- Problem to work on -
Restate every record exactly as it is written, while omitting the pictures it holds.
== Data extracts ==
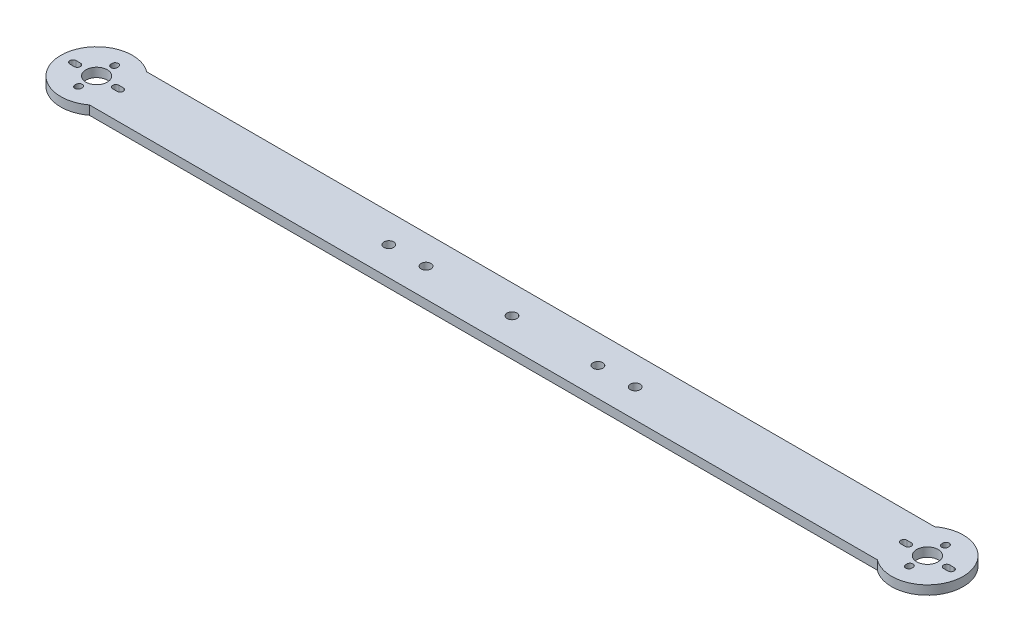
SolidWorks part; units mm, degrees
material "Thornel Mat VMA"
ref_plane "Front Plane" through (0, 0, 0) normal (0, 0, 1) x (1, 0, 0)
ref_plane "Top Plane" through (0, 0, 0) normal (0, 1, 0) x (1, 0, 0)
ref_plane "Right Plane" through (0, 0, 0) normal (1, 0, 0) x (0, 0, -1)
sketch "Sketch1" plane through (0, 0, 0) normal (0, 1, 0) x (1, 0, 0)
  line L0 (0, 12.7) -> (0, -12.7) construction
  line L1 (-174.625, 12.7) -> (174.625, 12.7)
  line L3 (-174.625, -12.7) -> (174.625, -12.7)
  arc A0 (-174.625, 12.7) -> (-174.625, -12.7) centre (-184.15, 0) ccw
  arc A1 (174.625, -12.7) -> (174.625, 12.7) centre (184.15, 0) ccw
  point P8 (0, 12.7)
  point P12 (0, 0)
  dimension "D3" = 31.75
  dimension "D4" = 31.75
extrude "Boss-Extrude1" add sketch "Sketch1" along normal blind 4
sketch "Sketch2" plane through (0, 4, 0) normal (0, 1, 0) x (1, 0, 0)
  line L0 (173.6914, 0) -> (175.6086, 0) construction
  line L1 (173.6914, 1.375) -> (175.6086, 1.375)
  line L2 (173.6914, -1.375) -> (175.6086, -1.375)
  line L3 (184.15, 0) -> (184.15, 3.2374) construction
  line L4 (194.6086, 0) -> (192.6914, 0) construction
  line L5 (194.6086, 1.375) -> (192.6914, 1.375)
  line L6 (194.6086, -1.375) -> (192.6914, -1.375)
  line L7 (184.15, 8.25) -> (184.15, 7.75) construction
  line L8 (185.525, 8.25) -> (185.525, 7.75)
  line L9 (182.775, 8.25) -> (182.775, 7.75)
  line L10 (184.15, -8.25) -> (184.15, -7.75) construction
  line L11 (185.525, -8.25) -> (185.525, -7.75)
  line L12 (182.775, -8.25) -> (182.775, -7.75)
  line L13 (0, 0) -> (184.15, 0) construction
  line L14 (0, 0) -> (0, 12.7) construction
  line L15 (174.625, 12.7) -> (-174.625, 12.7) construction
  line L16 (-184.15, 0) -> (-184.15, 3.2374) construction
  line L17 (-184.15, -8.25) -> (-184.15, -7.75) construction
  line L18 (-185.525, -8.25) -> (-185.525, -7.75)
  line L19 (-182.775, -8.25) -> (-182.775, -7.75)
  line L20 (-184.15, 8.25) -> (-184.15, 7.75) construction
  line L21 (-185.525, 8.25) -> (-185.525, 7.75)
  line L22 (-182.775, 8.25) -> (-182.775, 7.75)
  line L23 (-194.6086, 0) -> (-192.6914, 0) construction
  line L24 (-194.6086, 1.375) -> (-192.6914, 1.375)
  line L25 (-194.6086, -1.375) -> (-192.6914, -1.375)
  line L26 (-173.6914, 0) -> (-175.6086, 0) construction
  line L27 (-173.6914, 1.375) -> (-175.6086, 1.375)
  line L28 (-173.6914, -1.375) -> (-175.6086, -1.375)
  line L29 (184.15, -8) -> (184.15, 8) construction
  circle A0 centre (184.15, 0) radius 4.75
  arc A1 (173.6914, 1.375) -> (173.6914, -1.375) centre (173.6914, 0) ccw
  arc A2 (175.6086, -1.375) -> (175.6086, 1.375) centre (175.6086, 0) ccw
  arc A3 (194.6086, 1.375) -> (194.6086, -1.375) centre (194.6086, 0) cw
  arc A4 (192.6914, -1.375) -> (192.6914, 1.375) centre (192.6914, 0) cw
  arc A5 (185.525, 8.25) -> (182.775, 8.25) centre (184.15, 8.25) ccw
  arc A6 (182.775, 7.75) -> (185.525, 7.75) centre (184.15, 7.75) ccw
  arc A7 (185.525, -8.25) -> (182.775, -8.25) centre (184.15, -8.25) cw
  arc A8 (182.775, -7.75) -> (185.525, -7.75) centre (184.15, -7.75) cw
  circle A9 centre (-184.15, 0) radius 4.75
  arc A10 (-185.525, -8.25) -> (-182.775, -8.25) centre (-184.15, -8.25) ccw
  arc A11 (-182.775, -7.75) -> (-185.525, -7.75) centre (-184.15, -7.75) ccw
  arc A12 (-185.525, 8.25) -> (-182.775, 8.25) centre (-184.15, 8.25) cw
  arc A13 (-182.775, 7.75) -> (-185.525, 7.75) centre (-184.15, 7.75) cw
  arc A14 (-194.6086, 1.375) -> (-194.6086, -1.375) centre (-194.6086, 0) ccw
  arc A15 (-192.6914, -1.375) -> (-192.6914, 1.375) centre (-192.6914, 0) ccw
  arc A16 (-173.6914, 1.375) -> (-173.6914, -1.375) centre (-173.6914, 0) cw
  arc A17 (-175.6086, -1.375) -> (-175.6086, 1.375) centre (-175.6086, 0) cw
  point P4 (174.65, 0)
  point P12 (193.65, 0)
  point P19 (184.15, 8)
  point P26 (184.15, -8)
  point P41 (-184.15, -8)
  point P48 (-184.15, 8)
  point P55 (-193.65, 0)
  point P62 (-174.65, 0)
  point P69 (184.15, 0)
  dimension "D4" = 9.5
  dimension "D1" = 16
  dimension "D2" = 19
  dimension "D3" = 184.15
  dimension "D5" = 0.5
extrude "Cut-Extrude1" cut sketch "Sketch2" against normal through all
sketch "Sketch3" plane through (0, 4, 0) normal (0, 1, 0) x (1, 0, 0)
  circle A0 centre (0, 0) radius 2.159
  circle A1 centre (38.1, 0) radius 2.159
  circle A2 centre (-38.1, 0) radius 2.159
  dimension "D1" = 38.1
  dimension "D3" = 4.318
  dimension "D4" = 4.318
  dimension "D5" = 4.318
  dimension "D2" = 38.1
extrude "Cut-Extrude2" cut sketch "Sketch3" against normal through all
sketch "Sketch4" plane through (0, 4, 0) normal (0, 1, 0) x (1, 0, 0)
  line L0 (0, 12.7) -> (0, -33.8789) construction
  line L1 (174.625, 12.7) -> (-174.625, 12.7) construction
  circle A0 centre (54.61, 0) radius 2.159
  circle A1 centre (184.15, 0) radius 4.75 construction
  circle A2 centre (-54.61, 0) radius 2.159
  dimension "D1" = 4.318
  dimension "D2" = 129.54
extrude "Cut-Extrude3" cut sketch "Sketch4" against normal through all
===
- Response -
SolidWorks part; units mm, degrees
material "Thornel Mat VMA"
ref_plane "Front Plane" through (0, 0, 0) normal (0, 0, 1) x (1, 0, 0)
ref_plane "Top Plane" through (0, 0, 0) normal (0, 1, 0) x (1, 0, 0)
ref_plane "Right Plane" through (0, 0, 0) normal (1, 0, 0) x (0, 0, -1)
sketch "Sketch1" plane through (0, 0, 0) normal (0, 1, 0) x (1, 0, 0)
  line L0 (0, 12.7) -> (0, -12.7) construction
  line L1 (-174.625, 12.7) -> (174.625, 12.7)
  line L3 (-174.625, -12.7) -> (174.625, -12.7)
  arc A0 (-174.625, 12.7) -> (-174.625, -12.7) centre (-184.15, 0) ccw
  arc A1 (174.625, -12.7) -> (174.625, 12.7) centre (184.15, 0) ccw
  point P8 (0, 12.7)
  point P12 (0, 0)
  dimension "D3" = 31.75
  dimension "D4" = 31.75
extrude "Boss-Extrude1" add sketch "Sketch1" along normal blind 4
sketch "Sketch2" plane through (0, 4, 0) normal (0, 1, 0) x (1, 0, 0)
  line L0 (173.6914, 0) -> (175.6086, 0) construction
  line L1 (173.6914, 1.375) -> (175.6086, 1.375)
  line L2 (173.6914, -1.375) -> (175.6086, -1.375)
  line L3 (184.15, 0) -> (184.15, 3.2374) construction
  line L4 (194.6086, 0) -> (192.6914, 0) construction
  line L5 (194.6086, 1.375) -> (192.6914, 1.375)
  line L6 (194.6086, -1.375) -> (192.6914, -1.375)
  line L7 (184.15, 8.25) -> (184.15, 7.75) construction
  line L8 (185.525, 8.25) -> (185.525, 7.75)
  line L9 (182.775, 8.25) -> (182.775, 7.75)
  line L10 (184.15, -8.25) -> (184.15, -7.75) construction
  line L11 (185.525, -8.25) -> (185.525, -7.75)
  line L12 (182.775, -8.25) -> (182.775, -7.75)
  line L13 (0, 0) -> (184.15, 0) construction
  line L14 (0, 0) -> (0, 12.7) construction
  line L15 (174.625, 12.7) -> (-174.625, 12.7) construction
  line L16 (-184.15, 0) -> (-184.15, 3.2374) construction
  line L17 (-184.15, -8.25) -> (-184.15, -7.75) construction
  line L18 (-185.525, -8.25) -> (-185.525, -7.75)
  line L19 (-182.775, -8.25) -> (-182.775, -7.75)
  line L20 (-184.15, 8.25) -> (-184.15, 7.75) construction
  line L21 (-185.525, 8.25) -> (-185.525, 7.75)
  line L22 (-182.775, 8.25) -> (-182.775, 7.75)
  line L23 (-194.6086, 0) -> (-192.6914, 0) construction
  line L24 (-194.6086, 1.375) -> (-192.6914, 1.375)
  line L25 (-194.6086, -1.375) -> (-192.6914, -1.375)
  line L26 (-173.6914, 0) -> (-175.6086, 0) construction
  line L27 (-173.6914, 1.375) -> (-175.6086, 1.375)
  line L28 (-173.6914, -1.375) -> (-175.6086, -1.375)
  line L29 (184.15, -8) -> (184.15, 8) construction
  circle A0 centre (184.15, 0) radius 4.75
  arc A1 (173.6914, 1.375) -> (173.6914, -1.375) centre (173.6914, 0) ccw
  arc A2 (175.6086, -1.375) -> (175.6086, 1.375) centre (175.6086, 0) ccw
  arc A3 (194.6086, 1.375) -> (194.6086, -1.375) centre (194.6086, 0) cw
  arc A4 (192.6914, -1.375) -> (192.6914, 1.375) centre (192.6914, 0) cw
  arc A5 (185.525, 8.25) -> (182.775, 8.25) centre (184.15, 8.25) ccw
  arc A6 (182.775, 7.75) -> (185.525, 7.75) centre (184.15, 7.75) ccw
  arc A7 (185.525, -8.25) -> (182.775, -8.25) centre (184.15, -8.25) cw
  arc A8 (182.775, -7.75) -> (185.525, -7.75) centre (184.15, -7.75) cw
  circle A9 centre (-184.15, 0) radius 4.75
  arc A10 (-185.525, -8.25) -> (-182.775, -8.25) centre (-184.15, -8.25) ccw
  arc A11 (-182.775, -7.75) -> (-185.525, -7.75) centre (-184.15, -7.75) ccw
  arc A12 (-185.525, 8.25) -> (-182.775, 8.25) centre (-184.15, 8.25) cw
  arc A13 (-182.775, 7.75) -> (-185.525, 7.75) centre (-184.15, 7.75) cw
  arc A14 (-194.6086, 1.375) -> (-194.6086, -1.375) centre (-194.6086, 0) ccw
  arc A15 (-192.6914, -1.375) -> (-192.6914, 1.375) centre (-192.6914, 0) ccw
  arc A16 (-173.6914, 1.375) -> (-173.6914, -1.375) centre (-173.6914, 0) cw
  arc A17 (-175.6086, -1.375) -> (-175.6086, 1.375) centre (-175.6086, 0) cw
  point P4 (174.65, 0)
  point P12 (193.65, 0)
  point P19 (184.15, 8)
  point P26 (184.15, -8)
  point P41 (-184.15, -8)
  point P48 (-184.15, 8)
  point P55 (-193.65, 0)
  point P62 (-174.65, 0)
  point P69 (184.15, 0)
  dimension "D4" = 9.5
  dimension "D1" = 16
  dimension "D2" = 19
  dimension "D3" = 184.15
  dimension "D5" = 0.5
extrude "Cut-Extrude1" cut sketch "Sketch2" against normal through all
sketch "Sketch3" plane through (0, 4, 0) normal (0, 1, 0) x (1, 0, 0)
  circle A0 centre (0, 0) radius 2.159
  circle A1 centre (38.1, 0) radius 2.159
  circle A2 centre (-38.1, 0) radius 2.159
  dimension "D1" = 38.1
  dimension "D3" = 4.318
  dimension "D4" = 4.318
  dimension "D5" = 4.318
  dimension "D2" = 38.1
extrude "Cut-Extrude2" cut sketch "Sketch3" against normal through all
sketch "Sketch4" plane through (0, 4, 0) normal (0, 1, 0) x (1, 0, 0)
  line L0 (0, 12.7) -> (0, -33.8789) construction
  line L1 (174.625, 12.7) -> (-174.625, 12.7) construction
  circle A0 centre (54.61, 0) radius 2.159
  circle A1 centre (184.15, 0) radius 4.75 construction
  circle A2 centre (-54.61, 0) radius 2.159
  dimension "D1" = 4.318
  dimension "D2" = 129.54
extrude "Cut-Extrude3" cut sketch "Sketch4" against normal through all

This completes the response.